[Records from a data source]

══════

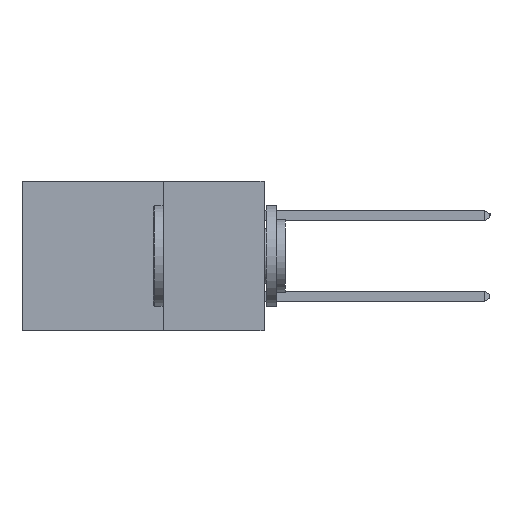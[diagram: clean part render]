
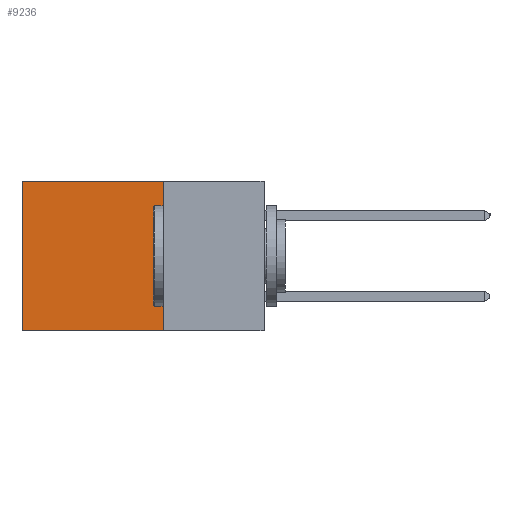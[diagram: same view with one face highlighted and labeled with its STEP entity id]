
A CAD part, left-side view. The second image highlights one B-rep face of the part: STEP entity #9236.
In plain terms, the highlighted planar face has unit normal (-1, 0, 0).
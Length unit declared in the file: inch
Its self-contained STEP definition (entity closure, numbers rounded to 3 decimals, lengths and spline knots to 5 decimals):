
#878 = DIRECTION ( 'NONE',  ( 0., 1., 0. ) ) ;
#881 = VERTEX_POINT ( 'NONE', #16014 ) ;
#2565 = EDGE_CURVE ( 'NONE', #6454, #4710, #8270, .T. ) ;
#3327 = CARTESIAN_POINT ( 'NONE',  ( 0.2615, 0.25, -0.37 ) ) ;
#4710 = VERTEX_POINT ( 'NONE', #6752 ) ;
#4887 = EDGE_LOOP ( 'NONE', ( #10545, #14779, #7770, #16189 ) ) ;
#5144 = DIRECTION ( 'NONE',  ( 0., 0., -1. ) ) ;
#5160 = CARTESIAN_POINT ( 'NONE',  ( 0.2615, 0.25, 0. ) ) ;
#5205 = DIRECTION ( 'NONE',  ( 1., 0., 0. ) ) ;
#5309 = DIRECTION ( 'NONE',  ( 0., 0., -1. ) ) ;
#5408 = PLANE ( 'NONE',  #17781 ) ;
#5478 = DIRECTION ( 'NONE',  ( 0., 0., -1. ) ) ;
#6454 = VERTEX_POINT ( 'NONE', #5160 ) ;
#6752 = CARTESIAN_POINT ( 'NONE',  ( 0.2615, 0.25, -0.37 ) ) ;
#7347 = CARTESIAN_POINT ( 'NONE',  ( 0.2615, 0.25, 0. ) ) ;
#7770 = ORIENTED_EDGE ( 'NONE', *, *, #2565, .F. ) ;
#7963 = EDGE_CURVE ( 'NONE', #6454, #11242, #12018, .T. ) ;
#8270 = LINE ( 'NONE', #19359, #12661 ) ;
#9236 = ADVANCED_FACE ( 'NONE', ( #13197 ), #5408, .F. ) ;
#9537 = CARTESIAN_POINT ( 'NONE',  ( 0.2615, 0.6, 0. ) ) ;
#9820 = VECTOR ( 'NONE', #878, 39.37008 ) ;
#10545 = ORIENTED_EDGE ( 'NONE', *, *, #12894, .T. ) ;
#10900 = VECTOR ( 'NONE', #13716, 39.37008 ) ;
#11242 = VERTEX_POINT ( 'NONE', #9537 ) ;
#11729 = LINE ( 'NONE', #18039, #19502 ) ;
#11768 = LINE ( 'NONE', #15478, #10900 ) ;
#12018 = LINE ( 'NONE', #7347, #9820 ) ;
#12647 = EDGE_CURVE ( 'NONE', #4710, #881, #11768, .T. ) ;
#12661 = VECTOR ( 'NONE', #5144, 39.37008 ) ;
#12894 = EDGE_CURVE ( 'NONE', #11242, #881, #11729, .T. ) ;
#13197 = FACE_OUTER_BOUND ( 'NONE', #4887, .T. ) ;
#13716 = DIRECTION ( 'NONE',  ( 0., 1., 0. ) ) ;
#14779 = ORIENTED_EDGE ( 'NONE', *, *, #12647, .F. ) ;
#15478 = CARTESIAN_POINT ( 'NONE',  ( 0.2615, 0.25, -0.37 ) ) ;
#16014 = CARTESIAN_POINT ( 'NONE',  ( 0.2615, 0.6, -0.37 ) ) ;
#16189 = ORIENTED_EDGE ( 'NONE', *, *, #7963, .T. ) ;
#17781 = AXIS2_PLACEMENT_3D ( 'NONE', #3327, #5205, #5309 ) ;
#18039 = CARTESIAN_POINT ( 'NONE',  ( 0.2615, 0.6, -0.37 ) ) ;
#19359 = CARTESIAN_POINT ( 'NONE',  ( 0.2615, 0.25, -0.37 ) ) ;
#19502 = VECTOR ( 'NONE', #5478, 39.37008 ) ;

══════

• Aim of the task:
In the copy, include all records verbatim but no images.

• Completed exercise:
[diagram: clean part render]
[diagram: same view with one face highlighted and labeled with its STEP entity id]
A CAD part, left-side view. The second image highlights one B-rep face of the part: STEP entity #9236.
In plain terms, the highlighted planar face has unit normal (-1, 0, 0).
Length unit declared in the file: inch
Its self-contained STEP definition (entity closure, numbers rounded to 3 decimals, lengths and spline knots to 5 decimals):
#878 = DIRECTION ( 'NONE',  ( 0., 1., 0. ) ) ;
#881 = VERTEX_POINT ( 'NONE', #16014 ) ;
#2565 = EDGE_CURVE ( 'NONE', #6454, #4710, #8270, .T. ) ;
#3327 = CARTESIAN_POINT ( 'NONE',  ( 0.2615, 0.25, -0.37 ) ) ;
#4710 = VERTEX_POINT ( 'NONE', #6752 ) ;
#4887 = EDGE_LOOP ( 'NONE', ( #10545, #14779, #7770, #16189 ) ) ;
#5144 = DIRECTION ( 'NONE',  ( 0., 0., -1. ) ) ;
#5160 = CARTESIAN_POINT ( 'NONE',  ( 0.2615, 0.25, 0. ) ) ;
#5205 = DIRECTION ( 'NONE',  ( 1., 0., 0. ) ) ;
#5309 = DIRECTION ( 'NONE',  ( 0., 0., -1. ) ) ;
#5408 = PLANE ( 'NONE',  #17781 ) ;
#5478 = DIRECTION ( 'NONE',  ( 0., 0., -1. ) ) ;
#6454 = VERTEX_POINT ( 'NONE', #5160 ) ;
#6752 = CARTESIAN_POINT ( 'NONE',  ( 0.2615, 0.25, -0.37 ) ) ;
#7347 = CARTESIAN_POINT ( 'NONE',  ( 0.2615, 0.25, 0. ) ) ;
#7770 = ORIENTED_EDGE ( 'NONE', *, *, #2565, .F. ) ;
#7963 = EDGE_CURVE ( 'NONE', #6454, #11242, #12018, .T. ) ;
#8270 = LINE ( 'NONE', #19359, #12661 ) ;
#9236 = ADVANCED_FACE ( 'NONE', ( #13197 ), #5408, .F. ) ;
#9537 = CARTESIAN_POINT ( 'NONE',  ( 0.2615, 0.6, 0. ) ) ;
#9820 = VECTOR ( 'NONE', #878, 39.37008 ) ;
#10545 = ORIENTED_EDGE ( 'NONE', *, *, #12894, .T. ) ;
#10900 = VECTOR ( 'NONE', #13716, 39.37008 ) ;
#11242 = VERTEX_POINT ( 'NONE', #9537 ) ;
#11729 = LINE ( 'NONE', #18039, #19502 ) ;
#11768 = LINE ( 'NONE', #15478, #10900 ) ;
#12018 = LINE ( 'NONE', #7347, #9820 ) ;
#12647 = EDGE_CURVE ( 'NONE', #4710, #881, #11768, .T. ) ;
#12661 = VECTOR ( 'NONE', #5144, 39.37008 ) ;
#12894 = EDGE_CURVE ( 'NONE', #11242, #881, #11729, .T. ) ;
#13197 = FACE_OUTER_BOUND ( 'NONE', #4887, .T. ) ;
#13716 = DIRECTION ( 'NONE',  ( 0., 1., 0. ) ) ;
#14779 = ORIENTED_EDGE ( 'NONE', *, *, #12647, .F. ) ;
#15478 = CARTESIAN_POINT ( 'NONE',  ( 0.2615, 0.25, -0.37 ) ) ;
#16014 = CARTESIAN_POINT ( 'NONE',  ( 0.2615, 0.6, -0.37 ) ) ;
#16189 = ORIENTED_EDGE ( 'NONE', *, *, #7963, .T. ) ;
#17781 = AXIS2_PLACEMENT_3D ( 'NONE', #3327, #5205, #5309 ) ;
#18039 = CARTESIAN_POINT ( 'NONE',  ( 0.2615, 0.6, -0.37 ) ) ;
#19359 = CARTESIAN_POINT ( 'NONE',  ( 0.2615, 0.25, -0.37 ) ) ;
#19502 = VECTOR ( 'NONE', #5478, 39.37008 ) ;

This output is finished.